# Liquid Gingerbread 3.2 help?



## justin654 (Oct 3, 2011)

Been having issues with this rom and haven't gotten a response in the rom thread itself. I'm having a Weird issue with notification sounds not playing. Well... They do but rarely. Sound is on and volume is up. But it just wont play 80% of the time. And almost all apps I try to download from market, It says "Your device is not compatible with this item" error. Any help?


----------



## hrdnhvy (Jun 18, 2011)

For the "Your device is not compatible with this item" error. did u change the (i thinnk its called) LCD density in the liquid tweaks at all?


----------



## justin654 (Oct 3, 2011)

I did to 210. I'm guessing thats the issue. Thanks. Edit. Changed back to 240 which I think is stock and I'm still getting the error.


----------



## redbelly (Oct 8, 2011)

justin654 said:


> I did to 210. I'm guessing thats the issue. Thanks. Edit.

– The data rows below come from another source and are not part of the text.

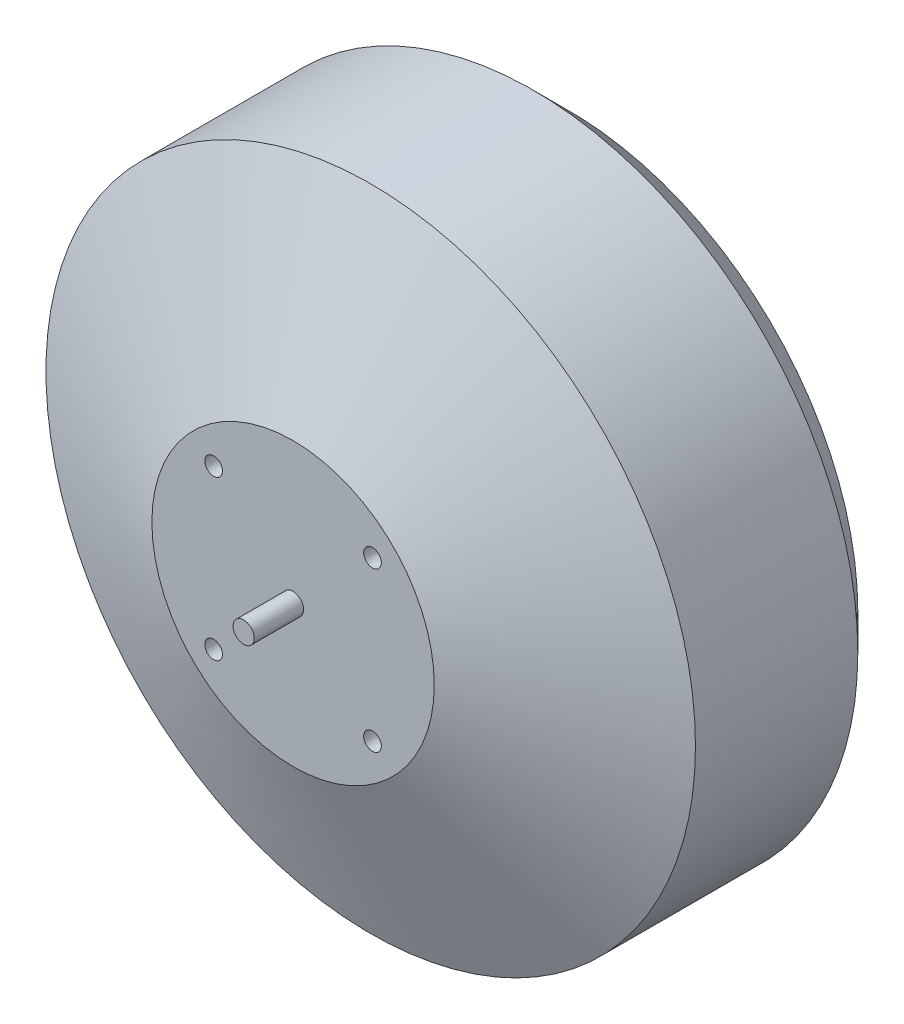
ISO-10303-21;
HEADER;
FILE_DESCRIPTION(('STEP AP214'),'2;1');
FILE_NAME('part.step','',(''),(''),'','','');
FILE_SCHEMA(('AUTOMOTIVE_DESIGN { 1 0 10303 214 1 1 1 1 }'));
ENDSEC;
DATA;
#1=APPLICATION_CONTEXT('core data for automotive mechanical design processes');
#2=APPLICATION_PROTOCOL_DEFINITION('international standard','automotive_design',2000,#1);
#3=PRODUCT_CONTEXT('',#1,'mechanical');
#4=PRODUCT('Part','Part','',(#3));
#5=PRODUCT_RELATED_PRODUCT_CATEGORY('part','',(#4));
#6=PRODUCT_DEFINITION_FORMATION('','',#4);
#7=PRODUCT_DEFINITION_CONTEXT('part definition',#1,'design');
#8=PRODUCT_DEFINITION('design','',#6,#7);
#9=PRODUCT_DEFINITION_SHAPE('','',#8);
#10=(LENGTH_UNIT() NAMED_UNIT(*) SI_UNIT(.MILLI.,.METRE.));
#11=(NAMED_UNIT(*) PLANE_ANGLE_UNIT() SI_UNIT($,.RADIAN.));
#12=(NAMED_UNIT(*) SI_UNIT($,.STERADIAN.) SOLID_ANGLE_UNIT());
#13=UNCERTAINTY_MEASURE_WITH_UNIT(LENGTH_MEASURE(1.E-05),#10,'distance_accuracy_value','');
#14=(GEOMETRIC_REPRESENTATION_CONTEXT(3) GLOBAL_UNCERTAINTY_ASSIGNED_CONTEXT((#13)) GLOBAL_UNIT_ASSIGNED_CONTEXT((#10,
#11,#12)) REPRESENTATION_CONTEXT('',''));
#15=CARTESIAN_POINT('',(0.,0.,0.));
#16=DIRECTION('',(0.,0.,1.));
#17=DIRECTION('',(1.,0.,0.));
#18=AXIS2_PLACEMENT_3D('',#15,#16,#17);
#19=CARTESIAN_POINT('',(0.,46.,0.));
#20=DIRECTION('',(0.,0.,1.));
#21=DIRECTION('',(1.,0.,0.));
#22=AXIS2_PLACEMENT_3D('',#19,#20,#21);
#23=PLANE('',#22);
#24=CARTESIAN_POINT('',(0.,0.,0.));
#25=DIRECTION('',(0.,0.,1.));
#26=DIRECTION('',(1.,0.,0.));
#27=AXIS2_PLACEMENT_3D('',#24,#25,#26);
#28=CIRCLE('',#27,40.9999999999999);
#29=CARTESIAN_POINT('',(40.9999999999999,0.,0.));
#30=VERTEX_POINT('',#29);
#31=EDGE_CURVE('E10',#30,#30,#28,.F.);
#32=ORIENTED_EDGE('',*,*,#31,.T.);
#33=EDGE_LOOP('',(#32));
#34=FACE_BOUND('',#33,.T.);
#35=CARTESIAN_POINT('',(0.,0.,0.));
#36=DIRECTION('',(0.,0.,1.));
#37=DIRECTION('',(1.,0.,0.));
#38=AXIS2_PLACEMENT_3D('',#35,#36,#37);
#39=CIRCLE('',#38,2.75);
#40=CARTESIAN_POINT('',(2.75,0.,0.));
#41=VERTEX_POINT('',#40);
#42=EDGE_CURVE('E46',#41,#41,#39,.T.);
#43=ORIENTED_EDGE('',*,*,#42,.T.);
#44=EDGE_LOOP('',(#43));
#45=FACE_BOUND('',#44,.T.);
#46=CARTESIAN_POINT('',(14.25,-14.25,0.));
#47=DIRECTION('',(0.,0.,-1.));
#48=DIRECTION('',(-1.,0.,0.));
#49=AXIS2_PLACEMENT_3D('',#46,#47,#48);
#50=CIRCLE('',#49,1.75);
#51=CARTESIAN_POINT('',(12.5,-14.25,0.));
#52=VERTEX_POINT('',#51);
#53=EDGE_CURVE('E91',#52,#52,#50,.T.);
#54=ORIENTED_EDGE('',*,*,#53,.F.);
#55=EDGE_LOOP('',(#54));
#56=FACE_BOUND('',#55,.T.);
#57=CARTESIAN_POINT('',(-14.25,-14.25,0.));
#58=DIRECTION('',(0.,0.,-1.));
#59=DIRECTION('',(-1.,0.,0.));
#60=AXIS2_PLACEMENT_3D('',#57,#58,#59);
#61=CIRCLE('',#60,1.75);
#62=CARTESIAN_POINT('',(-16.,-14.25,0.));
#63=VERTEX_POINT('',#62);
#64=EDGE_CURVE('E98',#63,#63,#61,.T.);
#65=ORIENTED_EDGE('',*,*,#64,.F.);
#66=EDGE_LOOP('',(#65));
#67=FACE_BOUND('',#66,.T.);
#68=CARTESIAN_POINT('',(-14.25,14.25,0.));
#69=DIRECTION('',(0.,0.,-1.));
#70=DIRECTION('',(-1.,0.,0.));
#71=AXIS2_PLACEMENT_3D('',#68,#69,#70);
#72=CIRCLE('',#71,1.75);
#73=CARTESIAN_POINT('',(-16.,14.25,0.));
#74=VERTEX_POINT('',#73);
#75=EDGE_CURVE('E104',#74,#74,#72,.T.);
#76=ORIENTED_EDGE('',*,*,#75,.F.);
#77=EDGE_LOOP('',(#76));
#78=FACE_BOUND('',#77,.T.);
#79=CARTESIAN_POINT('',(14.25,14.25,0.));
#80=DIRECTION('',(0.,0.,-1.));
#81=DIRECTION('',(-1.,0.,0.));
#82=AXIS2_PLACEMENT_3D('',#79,#80,#81);
#83=CIRCLE('',#82,1.75);
#84=CARTESIAN_POINT('',(12.5,14.25,0.));
#85=VERTEX_POINT('',#84);
#86=EDGE_CURVE('E85',#85,#85,#83,.T.);
#87=ORIENTED_EDGE('',*,*,#86,.F.);
#88=EDGE_LOOP('',(#87));
#89=FACE_BOUND('',#88,.T.);
#90=ADVANCED_FACE('F31',(#34,#45,#56,#67,#78,#89),#23,.F.);
#91=CARTESIAN_POINT('',(0.,0.,1764.48103895637));
#92=DIRECTION('',(0.,0.,1.));
#93=DIRECTION('',(1.,0.,0.));
#94=AXIS2_PLACEMENT_3D('',#91,#92,#93);
#95=CYLINDRICAL_SURFACE('',#94,46.);
#96=CARTESIAN_POINT('',(0.,0.,5.00000000000012));
#97=DIRECTION('',(0.,0.,1.));
#98=DIRECTION('',(1.,0.,0.));
#99=AXIS2_PLACEMENT_3D('',#96,#97,#98);
#100=CIRCLE('',#99,46.);
#101=CARTESIAN_POINT('',(46.,0.,5.00000000000012));
#102=VERTEX_POINT('',#101);
#103=EDGE_CURVE('E38',#102,#102,#100,.T.);
#104=ORIENTED_EDGE('',*,*,#103,.T.);
#105=EDGE_LOOP('',(#104));
#106=FACE_BOUND('',#105,.T.);
#107=CARTESIAN_POINT('',(0.,0.,28.));
#108=DIRECTION('',(0.,0.,1.));
#109=DIRECTION('',(1.,0.,0.));
#110=AXIS2_PLACEMENT_3D('',#107,#108,#109);
#111=CIRCLE('',#110,46.);
#112=CARTESIAN_POINT('',(46.,0.,28.));
#113=VERTEX_POINT('',#112);
#114=EDGE_CURVE('E54',#113,#113,#111,.T.);
#115=ORIENTED_EDGE('',*,*,#114,.F.);
#116=EDGE_LOOP('',(#115));
#117=FACE_BOUND('',#116,.T.);
#118=ADVANCED_FACE('F142',(#106,#117),#95,.T.);
#119=CARTESIAN_POINT('',(0.,0.,28.));
#120=DIRECTION('',(0.,0.,-1.));
#121=DIRECTION('',(-1.,0.,0.));
#122=AXIS2_PLACEMENT_3D('',#119,#120,#121);
#123=CONICAL_SURFACE('',#122,46.,1.17055566976093);
#124=CARTESIAN_POINT('',(0.,0.,38.9999999999999));
#125=DIRECTION('',(0.,0.,1.));
#126=DIRECTION('',(1.,0.,0.));
#127=AXIS2_PLACEMENT_3D('',#124,#125,#126);
#128=CIRCLE('',#127,20.);
#129=CARTESIAN_POINT('',(20.,0.,38.9999999999999));
#130=VERTEX_POINT('',#129);
#131=EDGE_CURVE('E57',#130,#130,#128,.T.);
#132=ORIENTED_EDGE('',*,*,#131,.F.);
#133=EDGE_LOOP('',(#132));
#134=FACE_BOUND('',#133,.T.);
#135=ORIENTED_EDGE('',*,*,#114,.T.);
#136=EDGE_LOOP('',(#135));
#137=FACE_BOUND('',#136,.T.);
#138=ADVANCED_FACE('F128',(#134,#137),#123,.T.);
#139=CARTESIAN_POINT('',(0.,20.,39.));
#140=DIRECTION('',(0.,0.,-1.));
#141=DIRECTION('',(-1.,0.,0.));
#142=AXIS2_PLACEMENT_3D('',#139,#140,#141);
#143=PLANE('',#142);
#144=CARTESIAN_POINT('',(0.,0.,39.));
#145=DIRECTION('',(0.,0.,-1.));
#146=DIRECTION('',(-1.,0.,0.));
#147=AXIS2_PLACEMENT_3D('',#144,#145,#146);
#148=CIRCLE('',#147,1.5);
#149=CARTESIAN_POINT('',(-1.5,0.,39.));
#150=VERTEX_POINT('',#149);
#151=EDGE_CURVE('E42',#150,#150,#148,.F.);
#152=ORIENTED_EDGE('',*,*,#151,.F.);
#153=EDGE_LOOP('',(#152));
#154=FACE_BOUND('',#153,.T.);
#155=CARTESIAN_POINT('',(-11.25,-11.25,39.));
#156=DIRECTION('',(0.,0.,1.));
#157=DIRECTION('',(1.,0.,0.));
#158=AXIS2_PLACEMENT_3D('',#155,#156,#157);
#159=CIRCLE('',#158,1.25);
#160=CARTESIAN_POINT('',(-10.,-11.25,39.));
#161=VERTEX_POINT('',#160);
#162=EDGE_CURVE('E67',#161,#161,#159,.T.);
#163=ORIENTED_EDGE('',*,*,#162,.F.);
#164=EDGE_LOOP('',(#163));
#165=FACE_BOUND('',#164,.T.);
#166=CARTESIAN_POINT('',(11.25,-11.25,39.));
#167=DIRECTION('',(0.,0.,1.));
#168=DIRECTION('',(1.,0.,0.));
#169=AXIS2_PLACEMENT_3D('',#166,#167,#168);
#170=CIRCLE('',#169,1.25);
#171=CARTESIAN_POINT('',(12.5,-11.25,39.));
#172=VERTEX_POINT('',#171);
#173=EDGE_CURVE('E74',#172,#172,#170,.T.);
#174=ORIENTED_EDGE('',*,*,#173,.F.);
#175=EDGE_LOOP('',(#174));
#176=FACE_BOUND('',#175,.T.);
#177=CARTESIAN_POINT('',(11.25,11.25,39.));
#178=DIRECTION('',(0.,0.,1.));
#179=DIRECTION('',(1.,0.,0.));
#180=AXIS2_PLACEMENT_3D('',#177,#178,#179);
#181=CIRCLE('',#180,1.25);
#182=CARTESIAN_POINT('',(12.5,11.25,39.));
#183=VERTEX_POINT('',#182);
#184=EDGE_CURVE('E80',#183,#183,#181,.T.);
#185=ORIENTED_EDGE('',*,*,#184,.F.);
#186=EDGE_LOOP('',(#185));
#187=FACE_BOUND('',#186,.T.);
#188=CARTESIAN_POINT('',(-11.25,11.25,39.));
#189=DIRECTION('',(0.,0.,1.));
#190=DIRECTION('',(1.,0.,0.));
#191=AXIS2_PLACEMENT_3D('',#188,#189,#190);
#192=CIRCLE('',#191,1.25);
#193=CARTESIAN_POINT('',(-10.,11.25,39.));
#194=VERTEX_POINT('',#193);
#195=EDGE_CURVE('E61',#194,#194,#192,.T.);
#196=ORIENTED_EDGE('',*,*,#195,.F.);
#197=EDGE_LOOP('',(#196));
#198=FACE_BOUND('',#197,.T.);
#199=ORIENTED_EDGE('',*,*,#131,.T.);
#200=EDGE_LOOP('',(#199));
#201=FACE_BOUND('',#200,.T.);
#202=ADVANCED_FACE('F124',(#154,#165,#176,#187,#198,#201),#143,.F.);
#203=CARTESIAN_POINT('',(-11.25,11.25,29.));
#204=DIRECTION('',(0.,0.,1.));
#205=DIRECTION('',(1.,0.,0.));
#206=AXIS2_PLACEMENT_3D('',#203,#204,#205);
#207=CYLINDRICAL_SURFACE('',#206,1.25);
#208=CARTESIAN_POINT('',(-11.25,11.25,29.));
#209=DIRECTION('',(0.,0.,1.));
#210=DIRECTION('',(1.,0.,0.));
#211=AXIS2_PLACEMENT_3D('',#208,#209,#210);
#212=CIRCLE('',#211,1.25);
#213=CARTESIAN_POINT('',(-10.,11.25,29.));
#214=VERTEX_POINT('',#213);
#215=EDGE_CURVE('E60',#214,#214,#212,.T.);
#216=ORIENTED_EDGE('',*,*,#215,.F.);
#217=EDGE_LOOP('',(#216));
#218=FACE_BOUND('',#217,.T.);
#219=ORIENTED_EDGE('',*,*,#195,.T.);
#220=EDGE_LOOP('',(#219));
#221=FACE_BOUND('',#220,.T.);
#222=ADVANCED_FACE('F127',(#218,#221),#207,.F.);
#223=CARTESIAN_POINT('',(-11.25,11.25,29.));
#224=DIRECTION('',(0.,0.,1.));
#225=DIRECTION('',(1.,0.,0.));
#226=AXIS2_PLACEMENT_3D('',#223,#224,#225);
#227=PLANE('',#226);
#228=ORIENTED_EDGE('',*,*,#215,.T.);
#229=EDGE_LOOP('',(#228));
#230=FACE_BOUND('',#229,.T.);
#231=ADVANCED_FACE('F214',(#230),#227,.T.);
#232=CARTESIAN_POINT('',(11.25,11.25,29.));
#233=DIRECTION('',(0.,0.,1.));
#234=DIRECTION('',(1.,0.,0.));
#235=AXIS2_PLACEMENT_3D('',#232,#233,#234);
#236=CYLINDRICAL_SURFACE('',#235,1.25);
#237=CARTESIAN_POINT('',(11.25,11.25,29.));
#238=DIRECTION('',(0.,0.,1.));
#239=DIRECTION('',(1.,0.,0.));
#240=AXIS2_PLACEMENT_3D('',#237,#238,#239);
#241=CIRCLE('',#240,1.25);
#242=CARTESIAN_POINT('',(12.5,11.25,29.));
#243=VERTEX_POINT('',#242);
#244=EDGE_CURVE('E64',#243,#243,#241,.T.);
#245=ORIENTED_EDGE('',*,*,#244,.F.);
#246=EDGE_LOOP('',(#245));
#247=FACE_BOUND('',#246,.T.);
#248=ORIENTED_EDGE('',*,*,#184,.T.);
#249=EDGE_LOOP('',(#248));
#250=FACE_BOUND('',#249,.T.);
#251=ADVANCED_FACE('F210',(#247,#250),#236,.F.);
#252=CARTESIAN_POINT('',(11.25,11.25,29.));
#253=DIRECTION('',(0.,0.,1.));
#254=DIRECTION('',(1.,0.,0.));
#255=AXIS2_PLACEMENT_3D('',#252,#253,#254);
#256=PLANE('',#255);
#257=ORIENTED_EDGE('',*,*,#244,.T.);
#258=EDGE_LOOP('',(#257));
#259=FACE_BOUND('',#258,.T.);
#260=ADVANCED_FACE('F206',(#259),#256,.T.);
#261=CARTESIAN_POINT('',(11.25,-11.25,29.));
#262=DIRECTION('',(0.,0.,1.));
#263=DIRECTION('',(1.,0.,0.));
#264=AXIS2_PLACEMENT_3D('',#261,#262,#263);
#265=CYLINDRICAL_SURFACE('',#264,1.25);
#266=CARTESIAN_POINT('',(11.25,-11.25,29.));
#267=DIRECTION('',(0.,0.,1.));
#268=DIRECTION('',(1.,0.,0.));
#269=AXIS2_PLACEMENT_3D('',#266,#267,#268);
#270=CIRCLE('',#269,1.25);
#271=CARTESIAN_POINT('',(12.5,-11.25,29.));
#272=VERTEX_POINT('',#271);
#273=EDGE_CURVE('E77',#272,#272,#270,.T.);
#274=ORIENTED_EDGE('',*,*,#273,.F.);
#275=EDGE_LOOP('',(#274));
#276=FACE_BOUND('',#275,.T.);
#277=ORIENTED_EDGE('',*,*,#173,.T.);
#278=EDGE_LOOP('',(#277));
#279=FACE_BOUND('',#278,.T.);
#280=ADVANCED_FACE('F209',(#276,#279),#265,.F.);
#281=CARTESIAN_POINT('',(11.25,-11.25,29.));
#282=DIRECTION('',(0.,0.,1.));
#283=DIRECTION('',(1.,0.,0.));
#284=AXIS2_PLACEMENT_3D('',#281,#282,#283);
#285=PLANE('',#284);
#286=ORIENTED_EDGE('',*,*,#273,.T.);
#287=EDGE_LOOP('',(#286));
#288=FACE_BOUND('',#287,.T.);
#289=ADVANCED_FACE('F216',(#288),#285,.T.);
#290=CARTESIAN_POINT('',(-11.25,-11.25,29.));
#291=DIRECTION('',(0.,0.,1.));
#292=DIRECTION('',(1.,0.,0.));
#293=AXIS2_PLACEMENT_3D('',#290,#291,#292);
#294=CYLINDRICAL_SURFACE('',#293,1.25);
#295=CARTESIAN_POINT('',(-11.25,-11.25,29.));
#296=DIRECTION('',(0.,0.,1.));
#297=DIRECTION('',(1.,0.,0.));
#298=AXIS2_PLACEMENT_3D('',#295,#296,#297);
#299=CIRCLE('',#298,1.25);
#300=CARTESIAN_POINT('',(-10.,-11.25,29.));
#301=VERTEX_POINT('',#300);
#302=EDGE_CURVE('E70',#301,#301,#299,.T.);
#303=ORIENTED_EDGE('',*,*,#302,.F.);
#304=EDGE_LOOP('',(#303));
#305=FACE_BOUND('',#304,.T.);
#306=ORIENTED_EDGE('',*,*,#162,.T.);
#307=EDGE_LOOP('',(#306));
#308=FACE_BOUND('',#307,.T.);
#309=ADVANCED_FACE('F219',(#305,#308),#294,.F.);
#310=CARTESIAN_POINT('',(-11.25,-11.25,29.));
#311=DIRECTION('',(0.,0.,1.));
#312=DIRECTION('',(1.,0.,0.));
#313=AXIS2_PLACEMENT_3D('',#310,#311,#312);
#314=PLANE('',#313);
#315=ORIENTED_EDGE('',*,*,#302,.T.);
#316=EDGE_LOOP('',(#315));
#317=FACE_BOUND('',#316,.T.);
#318=ADVANCED_FACE('F204',(#317),#314,.T.);
#319=CARTESIAN_POINT('',(14.25,14.25,10.));
#320=DIRECTION('',(0.,0.,-1.));
#321=DIRECTION('',(-1.,0.,0.));
#322=AXIS2_PLACEMENT_3D('',#319,#320,#321);
#323=CYLINDRICAL_SURFACE('',#322,1.75);
#324=CARTESIAN_POINT('',(14.25,14.25,10.));
#325=DIRECTION('',(0.,0.,-1.));
#326=DIRECTION('',(-1.,0.,0.));
#327=AXIS2_PLACEMENT_3D('',#324,#325,#326);
#328=CIRCLE('',#327,1.75);
#329=CARTESIAN_POINT('',(12.5,14.25,10.));
#330=VERTEX_POINT('',#329);
#331=EDGE_CURVE('E71',#330,#330,#328,.T.);
#332=ORIENTED_EDGE('',*,*,#331,.F.);
#333=EDGE_LOOP('',(#332));
#334=FACE_BOUND('',#333,.T.);
#335=ORIENTED_EDGE('',*,*,#86,.T.);
#336=EDGE_LOOP('',(#335));
#337=FACE_BOUND('',#336,.T.);
#338=ADVANCED_FACE('F200',(#334,#337),#323,.F.);
#339=CARTESIAN_POINT('',(14.25,14.25,10.));
#340=DIRECTION('',(0.,0.,-1.));
#341=DIRECTION('',(-1.,0.,0.));
#342=AXIS2_PLACEMENT_3D('',#339,#340,#341);
#343=PLANE('',#342);
#344=ORIENTED_EDGE('',*,*,#331,.T.);
#345=EDGE_LOOP('',(#344));
#346=FACE_BOUND('',#345,.T.);
#347=ADVANCED_FACE('F186',(#346),#343,.T.);
#348=CARTESIAN_POINT('',(-14.25,14.25,10.));
#349=DIRECTION('',(0.,0.,-1.));
#350=DIRECTION('',(-1.,0.,0.));
#351=AXIS2_PLACEMENT_3D('',#348,#349,#350);
#352=CYLINDRICAL_SURFACE('',#351,1.75);
#353=CARTESIAN_POINT('',(-14.25,14.25,10.));
#354=DIRECTION('',(0.,0.,-1.));
#355=DIRECTION('',(-1.,0.,0.));
#356=AXIS2_PLACEMENT_3D('',#353,#354,#355);
#357=CIRCLE('',#356,1.75);
#358=CARTESIAN_POINT('',(-16.,14.25,10.));
#359=VERTEX_POINT('',#358);
#360=EDGE_CURVE('E88',#359,#359,#357,.T.);
#361=ORIENTED_EDGE('',*,*,#360,.F.);
#362=EDGE_LOOP('',(#361));
#363=FACE_BOUND('',#362,.T.);
#364=ORIENTED_EDGE('',*,*,#75,.T.);
#365=EDGE_LOOP('',(#364));
#366=FACE_BOUND('',#365,.T.);
#367=ADVANCED_FACE('F182',(#363,#366),#352,.F.);
#368=CARTESIAN_POINT('',(-14.25,14.25,10.));
#369=DIRECTION('',(0.,0.,-1.));
#370=DIRECTION('',(-1.,0.,0.));
#371=AXIS2_PLACEMENT_3D('',#368,#369,#370);
#372=PLANE('',#371);
#373=ORIENTED_EDGE('',*,*,#360,.T.);
#374=EDGE_LOOP('',(#373));
#375=FACE_BOUND('',#374,.T.);
#376=ADVANCED_FACE('F178',(#375),#372,.T.);
#377=CARTESIAN_POINT('',(-14.25,-14.25,10.));
#378=DIRECTION('',(0.,0.,-1.));
#379=DIRECTION('',(-1.,0.,0.));
#380=AXIS2_PLACEMENT_3D('',#377,#378,#379);
#381=CYLINDRICAL_SURFACE('',#380,1.75);
#382=CARTESIAN_POINT('',(-14.25,-14.25,10.));
#383=DIRECTION('',(0.,0.,-1.));
#384=DIRECTION('',(-1.,0.,0.));
#385=AXIS2_PLACEMENT_3D('',#382,#383,#384);
#386=CIRCLE('',#385,1.75);
#387=CARTESIAN_POINT('',(-16.,-14.25,10.));
#388=VERTEX_POINT('',#387);
#389=EDGE_CURVE('E101',#388,#388,#386,.T.);
#390=ORIENTED_EDGE('',*,*,#389,.F.);
#391=EDGE_LOOP('',(#390));
#392=FACE_BOUND('',#391,.T.);
#393=ORIENTED_EDGE('',*,*,#64,.T.);
#394=EDGE_LOOP('',(#393));
#395=FACE_BOUND('',#394,.T.);
#396=ADVANCED_FACE('F181',(#392,#395),#381,.F.);
#397=CARTESIAN_POINT('',(-14.25,-14.25,10.));
#398=DIRECTION('',(0.,0.,-1.));
#399=DIRECTION('',(-1.,0.,0.));
#400=AXIS2_PLACEMENT_3D('',#397,#398,#399);
#401=PLANE('',#400);
#402=ORIENTED_EDGE('',*,*,#389,.T.);
#403=EDGE_LOOP('',(#402));
#404=FACE_BOUND('',#403,.T.);
#405=ADVANCED_FACE('F188',(#404),#401,.T.);
#406=CARTESIAN_POINT('',(14.25,-14.25,10.));
#407=DIRECTION('',(0.,0.,-1.));
#408=DIRECTION('',(-1.,0.,0.));
#409=AXIS2_PLACEMENT_3D('',#406,#407,#408);
#410=CYLINDRICAL_SURFACE('',#409,1.75);
#411=CARTESIAN_POINT('',(14.25,-14.25,10.));
#412=DIRECTION('',(0.,0.,-1.));
#413=DIRECTION('',(-1.,0.,0.));
#414=AXIS2_PLACEMENT_3D('',#411,#412,#413);
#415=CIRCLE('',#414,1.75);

Changed back to 240 which I think is stock and I'm still getting the error.


after you changed back to 240, did you reboot?


----------



## nocoast (Oct 17, 2011)

Reflash

Sent from my ADR6400L using Tapatalk


----------



## justin654 (Oct 3, 2011)

redbelly said:


> after you changed back to 240, did you reboot?


I did.

@Nocoast, Alright, I didn't want to but I will. Thanks!


----------